# Favorite knife for cleaning birds?



## dawgvet (Sep 14, 2017)

So I'm just getting started in upland/dove hunting and had a question about cleaning birds. What is your favorite knife for cleaning birds? I used a filet knife on the doves from this year but was wondering if something shorter would be easier. I've seen several small knives labeled as "bird and trout" knives but never bought one. What are your opinions on this?

Also, I've seen some knives with a long skinny hook for removing some of the intestines? Is this very beneficial? How quickly and under what circumstances should this be done? Are these hooks really that useful?


----------



## rhbama3 (Sep 14, 2017)

Remington upland game knife.
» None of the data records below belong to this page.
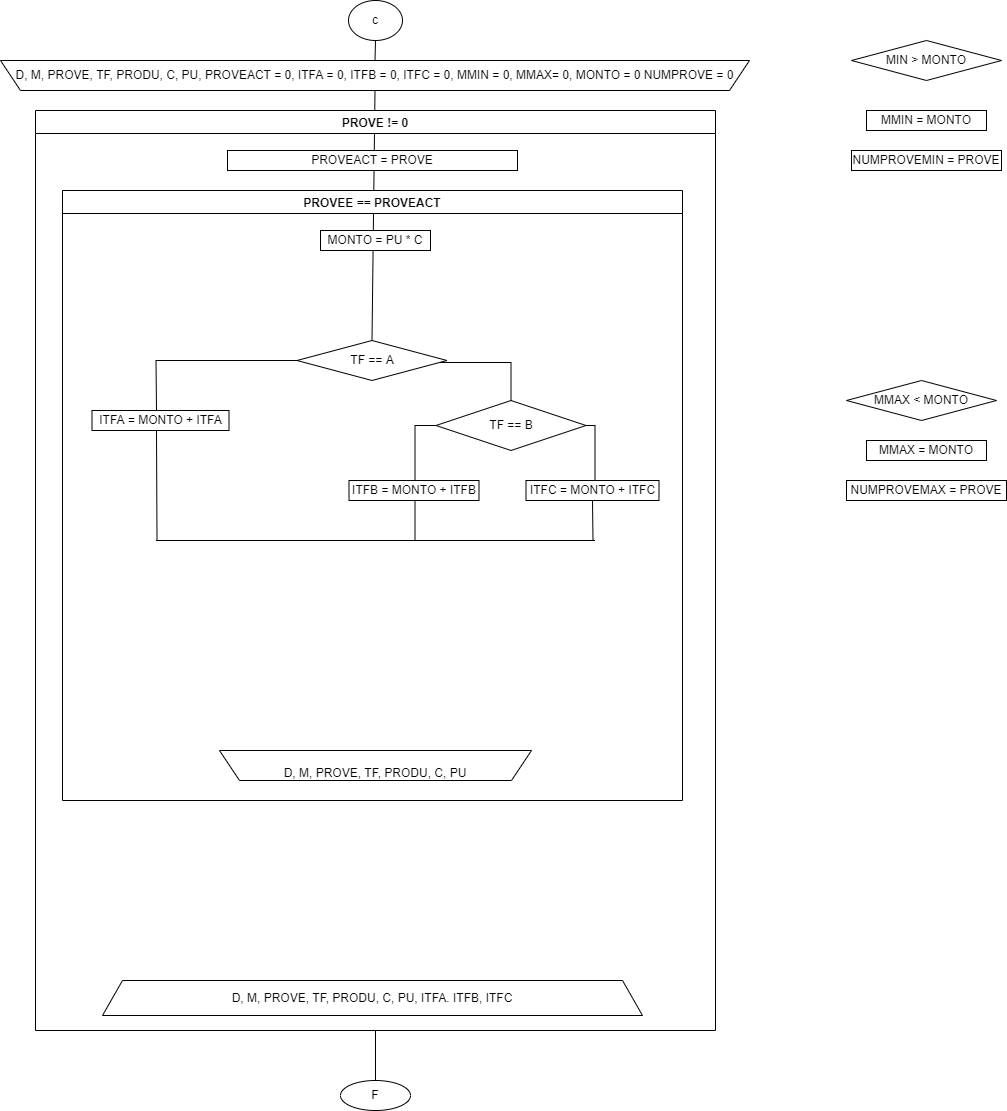

The diagram above was exported from draw.io. Its source (the exported page's mxGraphModel, read from the mxfile embedded in the PNG):
<mxGraphModel dx="1422" dy="832" grid="1" gridSize="10" guides="1" tooltips="1" connect="1" arrows="1" fold="1" page="1" pageScale="1" pageWidth="827" pageHeight="1169" math="0" shadow="0">
  <root>
    <mxCell id="0" />
    <mxCell id="1" parent="0" />
    <mxCell id="kvwJAK5XvjQ-GY-1os86-18" value="" style="endArrow=none;html=1;rounded=0;entryX=0.5;entryY=0;entryDx=0;entryDy=0;exitX=0.5;exitY=0;exitDx=0;exitDy=0;" edge="1" parent="1" source="kvwJAK5XvjQ-GY-1os86-3" target="qTgdtimCsJ4_vi28gznx-29">
      <mxGeometry width="50" height="50" relative="1" as="geometry">
        <mxPoint x="390" y="230" as="sourcePoint" />
        <mxPoint x="440" y="180" as="targetPoint" />
      </mxGeometry>
    </mxCell>
    <mxCell id="qTgdtimCsJ4_vi28gznx-1" value="c" style="ellipse;whiteSpace=wrap;html=1;" parent="1" vertex="1">
      <mxGeometry x="387" width="54" height="40" as="geometry" />
    </mxCell>
    <mxCell id="qTgdtimCsJ4_vi28gznx-6" value="PROVE != 0" style="swimlane;" parent="1" vertex="1">
      <mxGeometry x="74" y="110" width="680" height="920" as="geometry" />
    </mxCell>
    <mxCell id="qTgdtimCsJ4_vi28gznx-4" value="PROVEACT = PROVE" style="rounded=0;whiteSpace=wrap;html=1;" parent="qTgdtimCsJ4_vi28gznx-6" vertex="1">
      <mxGeometry x="192" y="40" width="290" height="20" as="geometry" />
    </mxCell>
    <mxCell id="qTgdtimCsJ4_vi28gznx-7" value="PROVEE == PROVEACT" style="swimlane;" parent="qTgdtimCsJ4_vi28gznx-6" vertex="1">
      <mxGeometry x="27" y="80" width="620" height="610" as="geometry" />
    </mxCell>
    <mxCell id="qTgdtimCsJ4_vi28gznx-55" value="&lt;br style=&quot;&quot;&gt;&lt;span style=&quot;background-color: rgb(255, 255, 255);&quot;&gt;D, M, PROVE, TF, PRODU, C, PU&lt;/span&gt;" style="shape=trapezoid;perimeter=trapezoidPerimeter;whiteSpace=wrap;html=1;fixedSize=1;flipV=1;" parent="qTgdtimCsJ4_vi28gznx-7" vertex="1">
      <mxGeometry x="157" y="560" width="312" height="30" as="geometry" />
    </mxCell>
    <mxCell id="kvwJAK5XvjQ-GY-1os86-3" value="TF == A" style="rhombus;whiteSpace=wrap;html=1;" vertex="1" parent="qTgdtimCsJ4_vi28gznx-7">
      <mxGeometry x="234.5" y="150" width="150" height="40" as="geometry" />
    </mxCell>
    <mxCell id="kvwJAK5XvjQ-GY-1os86-15" value="ITFA = MONTO + ITFA" style="rounded=0;whiteSpace=wrap;html=1;" vertex="1" parent="qTgdtimCsJ4_vi28gznx-7">
      <mxGeometry x="29.5" y="220" width="137" height="20" as="geometry" />
    </mxCell>
    <mxCell id="kvwJAK5XvjQ-GY-1os86-11" value="" style="endArrow=none;html=1;rounded=0;exitX=0.5;exitY=1;exitDx=0;exitDy=0;" edge="1" parent="qTgdtimCsJ4_vi28gznx-7">
      <mxGeometry width="50" height="50" relative="1" as="geometry">
        <mxPoint x="94" y="240" as="sourcePoint" />
        <mxPoint x="94.5" y="350" as="targetPoint" />
      </mxGeometry>
    </mxCell>
    <mxCell id="kvwJAK5XvjQ-GY-1os86-13" value="" style="endArrow=none;html=1;rounded=0;" edge="1" parent="qTgdtimCsJ4_vi28gznx-7">
      <mxGeometry width="50" height="50" relative="1" as="geometry">
        <mxPoint x="93.5" y="350" as="sourcePoint" />
        <mxPoint x="532.5" y="350" as="targetPoint" />
      </mxGeometry>
    </mxCell>
    <mxCell id="kvwJAK5XvjQ-GY-1os86-14" value="" style="endArrow=none;html=1;rounded=0;" edge="1" parent="qTgdtimCsJ4_vi28gznx-7">
      <mxGeometry width="50" height="50" relative="1" as="geometry">
        <mxPoint x="352.5" y="310" as="sourcePoint" />
        <mxPoint x="352.5" y="350" as="targetPoint" />
      </mxGeometry>
    </mxCell>
    <mxCell id="kvwJAK5XvjQ-GY-1os86-5" value="ITFB = MONTO + ITFB" style="rounded=0;whiteSpace=wrap;html=1;" vertex="1" parent="qTgdtimCsJ4_vi28gznx-7">
      <mxGeometry x="286.5" y="290" width="130" height="20" as="geometry" />
    </mxCell>
    <mxCell id="kvwJAK5XvjQ-GY-1os86-9" value="" style="endArrow=none;html=1;rounded=0;entryX=0;entryY=0.5;entryDx=0;entryDy=0;" edge="1" parent="qTgdtimCsJ4_vi28gznx-7" target="kvwJAK5XvjQ-GY-1os86-4">
      <mxGeometry width="50" height="50" relative="1" as="geometry">
        <mxPoint x="352.5" y="290" as="sourcePoint" />
        <mxPoint x="283.5" y="250" as="targetPoint" />
        <Array as="points">
          <mxPoint x="352.5" y="235" />
        </Array>
      </mxGeometry>
    </mxCell>
    <mxCell id="kvwJAK5XvjQ-GY-1os86-4" value="TF == B" style="rhombus;whiteSpace=wrap;html=1;" vertex="1" parent="qTgdtimCsJ4_vi28gznx-7">
      <mxGeometry x="373.5" y="210" width="150" height="50" as="geometry" />
    </mxCell>
    <mxCell id="kvwJAK5XvjQ-GY-1os86-8" value="" style="endArrow=none;html=1;rounded=0;exitX=0.5;exitY=0;exitDx=0;exitDy=0;entryX=0.947;entryY=0.55;entryDx=0;entryDy=0;entryPerimeter=0;" edge="1" parent="qTgdtimCsJ4_vi28gznx-7" source="kvwJAK5XvjQ-GY-1os86-4" target="kvwJAK5XvjQ-GY-1os86-3">
      <mxGeometry width="50" height="50" relative="1" as="geometry">
        <mxPoint x="302.5" y="240" as="sourcePoint" />
        <mxPoint x="352.5" y="190" as="targetPoint" />
        <Array as="points">
          <mxPoint x="448.5" y="172" />
        </Array>
      </mxGeometry>
    </mxCell>
    <mxCell id="kvwJAK5XvjQ-GY-1os86-6" value="ITFC = MONTO + ITFC" style="rounded=0;whiteSpace=wrap;html=1;" vertex="1" parent="qTgdtimCsJ4_vi28gznx-7">
      <mxGeometry x="463.5" y="290" width="133" height="20" as="geometry" />
    </mxCell>
    <mxCell id="kvwJAK5XvjQ-GY-1os86-10" value="" style="endArrow=none;html=1;rounded=0;entryX=1;entryY=0.5;entryDx=0;entryDy=0;" edge="1" parent="qTgdtimCsJ4_vi28gznx-7" target="kvwJAK5XvjQ-GY-1os86-4">
      <mxGeometry width="50" height="50" relative="1" as="geometry">
        <mxPoint x="532.5" y="290" as="sourcePoint" />
        <mxPoint x="303.5" y="150" as="targetPoint" />
        <Array as="points">
          <mxPoint x="532.5" y="235" />
        </Array>
      </mxGeometry>
    </mxCell>
    <mxCell id="kvwJAK5XvjQ-GY-1os86-12" value="" style="endArrow=none;html=1;rounded=0;exitX=0.5;exitY=1;exitDx=0;exitDy=0;" edge="1" parent="qTgdtimCsJ4_vi28gznx-7" source="kvwJAK5XvjQ-GY-1os86-6">
      <mxGeometry width="50" height="50" relative="1" as="geometry">
        <mxPoint x="253.5" y="200" as="sourcePoint" />
        <mxPoint x="530.5" y="350" as="targetPoint" />
      </mxGeometry>
    </mxCell>
    <mxCell id="kvwJAK5XvjQ-GY-1os86-7" value="" style="endArrow=none;html=1;rounded=0;exitX=0.5;exitY=0;exitDx=0;exitDy=0;entryX=0;entryY=0.5;entryDx=0;entryDy=0;" edge="1" parent="qTgdtimCsJ4_vi28gznx-7" target="kvwJAK5XvjQ-GY-1os86-3">
      <mxGeometry width="50" height="50" relative="1" as="geometry">
        <mxPoint x="94" y="220" as="sourcePoint" />
        <mxPoint x="303.5" y="150" as="targetPoint" />
        <Array as="points">
          <mxPoint x="93.5" y="170" />
        </Array>
      </mxGeometry>
    </mxCell>
    <mxCell id="kvwJAK5XvjQ-GY-1os86-16" value="MONTO = PU * C" style="rounded=0;whiteSpace=wrap;html=1;" vertex="1" parent="qTgdtimCsJ4_vi28gznx-7">
      <mxGeometry x="258" y="40" width="110" height="20" as="geometry" />
    </mxCell>
    <mxCell id="qTgdtimCsJ4_vi28gznx-11" value="D, M, PROVE, TF, PRODU, C, PU, ITFA. ITFB, ITFC" style="shape=trapezoid;perimeter=trapezoidPerimeter;whiteSpace=wrap;html=1;fixedSize=1;" parent="qTgdtimCsJ4_vi28gznx-6" vertex="1">
      <mxGeometry x="67" y="870" width="540" height="35" as="geometry" />
    </mxCell>
    <mxCell id="qTgdtimCsJ4_vi28gznx-12" value="F" style="ellipse;whiteSpace=wrap;html=1;" parent="1" vertex="1">
      <mxGeometry x="379" y="1080" width="70" height="30" as="geometry" />
    </mxCell>
    <mxCell id="qTgdtimCsJ4_vi28gznx-29" value="&lt;span style=&quot;&quot;&gt;D, M, PROVE, TF, PRODU, C, PU, PROVEACT = 0, ITFA = 0, ITFB = 0, ITFC = 0, MMIN = 0, MMAX= 0, MONTO = 0 NUMPROVE = 0&lt;/span&gt;" style="shape=trapezoid;perimeter=trapezoidPerimeter;whiteSpace=wrap;html=1;fixedSize=1;direction=west;" parent="1" vertex="1">
      <mxGeometry x="39" y="60" width="749" height="30" as="geometry" />
    </mxCell>
    <mxCell id="qTgdtimCsJ4_vi28gznx-50" value="" style="endArrow=none;html=1;rounded=0;exitX=0.5;exitY=1;exitDx=0;exitDy=0;entryX=0.5;entryY=0;entryDx=0;entryDy=0;startArrow=none;" parent="1" source="qTgdtimCsJ4_vi28gznx-6" target="qTgdtimCsJ4_vi28gznx-12" edge="1">
      <mxGeometry width="50" height="50" relative="1" as="geometry">
        <mxPoint x="411" y="1070" as="sourcePoint" />
        <mxPoint x="440" y="660" as="targetPoint" />
      </mxGeometry>
    </mxCell>
    <mxCell id="qTgdtimCsJ4_vi28gznx-52" value="" style="endArrow=none;html=1;rounded=0;exitX=0.5;exitY=1;exitDx=0;exitDy=0;entryX=0.5;entryY=1;entryDx=0;entryDy=0;" parent="1" source="qTgdtimCsJ4_vi28gznx-29" target="qTgdtimCsJ4_vi28gznx-1" edge="1">
      <mxGeometry width="50" height="50" relative="1" as="geometry">
        <mxPoint x="150" y="310" as="sourcePoint" />
        <mxPoint x="410" y="40" as="targetPoint" />
      </mxGeometry>
    </mxCell>
    <mxCell id="kvwJAK5XvjQ-GY-1os86-19" value="MMAX = MONTO" style="rounded=0;whiteSpace=wrap;html=1;" vertex="1" parent="1">
      <mxGeometry x="905" y="440" width="120" height="20" as="geometry" />
    </mxCell>
    <mxCell id="kvwJAK5XvjQ-GY-1os86-20" value="MMAX &amp;lt; MONTO" style="rhombus;whiteSpace=wrap;html=1;" vertex="1" parent="1">
      <mxGeometry x="885" y="380" width="150" height="40" as="geometry" />
    </mxCell>
    <mxCell id="kvwJAK5XvjQ-GY-1os86-21" value="MIN &amp;gt; MONTO" style="rhombus;whiteSpace=wrap;html=1;" vertex="1" parent="1">
      <mxGeometry x="890" y="40" width="150" height="40" as="geometry" />
    </mxCell>
    <mxCell id="kvwJAK5XvjQ-GY-1os86-22" value="MMIN = MONTO" style="rounded=0;whiteSpace=wrap;html=1;" vertex="1" parent="1">
      <mxGeometry x="905" y="110" width="120" height="20" as="geometry" />
    </mxCell>
    <mxCell id="kvwJAK5XvjQ-GY-1os86-23" value="NUMPROVEMIN = PROVE" style="rounded=0;whiteSpace=wrap;html=1;" vertex="1" parent="1">
      <mxGeometry x="890" y="150" width="150" height="20" as="geometry" />
    </mxCell>
    <mxCell id="kvwJAK5XvjQ-GY-1os86-24" value="NUMPROVEMAX = PROVE" style="rounded=0;whiteSpace=wrap;html=1;" vertex="1" parent="1">
      <mxGeometry x="885" y="480" width="160" height="20" as="geometry" />
    </mxCell>
  </root>
</mxGraphModel>

Also has the bonus of a choke wrench.
A close 2nd would be kitchen scissors and a havalon knife.


----------



## backhometrapper (Sep 14, 2017)

grab the feathers and skin on the breast, tear skin away to expose the breast, put thumb under tip of breast and rip away from carcass. use a good pair of scissors to cut off the wings. a little extra cleaning and ready for the frying pan. enjoy


----------



## gatortrax (Sep 14, 2017)

Havalon.  Super easy to put in a new blade but they last a long time.


----------



## NCHillbilly (Sep 15, 2017)

With doves, usually a pair of poultry shears for cleaning. If I fillet the meat off the breastbone, I use a fillet knife or one of the little boning knives I bought a while back. They're like mini-fillet knives.


----------



## Miguel Cervantes (Sep 15, 2017)

My Bird n Trout knife that Scott Davidson made for me.


----------



## NCHillbilly (Sep 15, 2017)

That's a good looking knife. Anvilhead is making me a similar one.


----------



## Miguel Cervantes (Sep 15, 2017)

NCHillbilly said:


> That's a good looking knife. Anvilhead is making me a similar one.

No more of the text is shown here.